*** Opening Source records ***

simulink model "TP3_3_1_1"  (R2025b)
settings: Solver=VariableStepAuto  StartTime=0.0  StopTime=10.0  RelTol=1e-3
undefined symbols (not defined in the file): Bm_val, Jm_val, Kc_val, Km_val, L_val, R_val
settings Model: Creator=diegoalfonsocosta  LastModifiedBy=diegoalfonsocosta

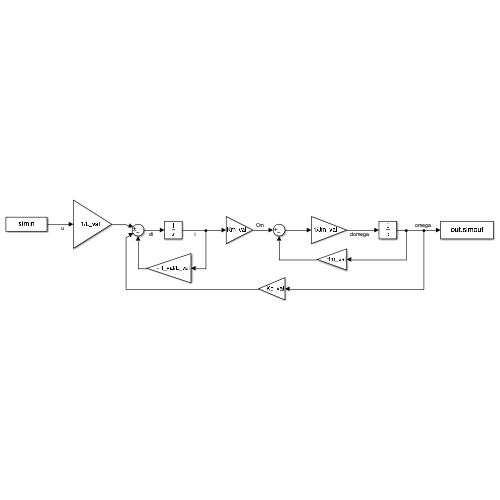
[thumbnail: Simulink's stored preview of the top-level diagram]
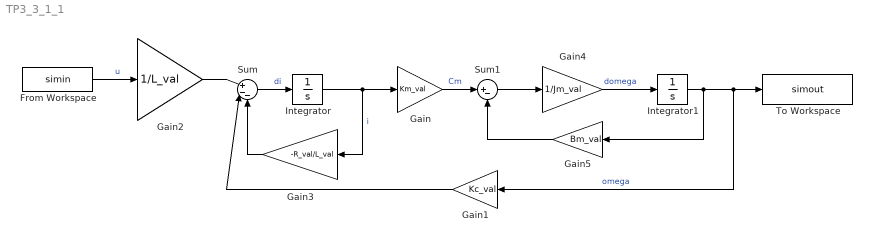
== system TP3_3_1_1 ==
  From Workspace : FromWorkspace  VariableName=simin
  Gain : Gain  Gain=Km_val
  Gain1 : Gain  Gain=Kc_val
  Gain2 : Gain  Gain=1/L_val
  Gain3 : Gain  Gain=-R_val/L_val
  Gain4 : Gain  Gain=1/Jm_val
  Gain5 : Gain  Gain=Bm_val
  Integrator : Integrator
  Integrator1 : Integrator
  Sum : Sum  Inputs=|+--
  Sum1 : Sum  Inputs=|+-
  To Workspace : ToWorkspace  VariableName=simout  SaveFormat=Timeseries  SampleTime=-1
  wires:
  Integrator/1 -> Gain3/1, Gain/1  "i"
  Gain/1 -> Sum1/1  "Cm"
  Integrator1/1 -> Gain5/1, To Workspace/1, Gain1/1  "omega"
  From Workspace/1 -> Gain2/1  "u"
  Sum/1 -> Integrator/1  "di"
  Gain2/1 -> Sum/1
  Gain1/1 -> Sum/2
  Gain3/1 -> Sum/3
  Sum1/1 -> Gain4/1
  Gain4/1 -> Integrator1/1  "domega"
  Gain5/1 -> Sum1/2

*** Closing Source records ***

Assigned task: In the records above, count the lines that contain the word "settings" and state only that count.

Written response: 2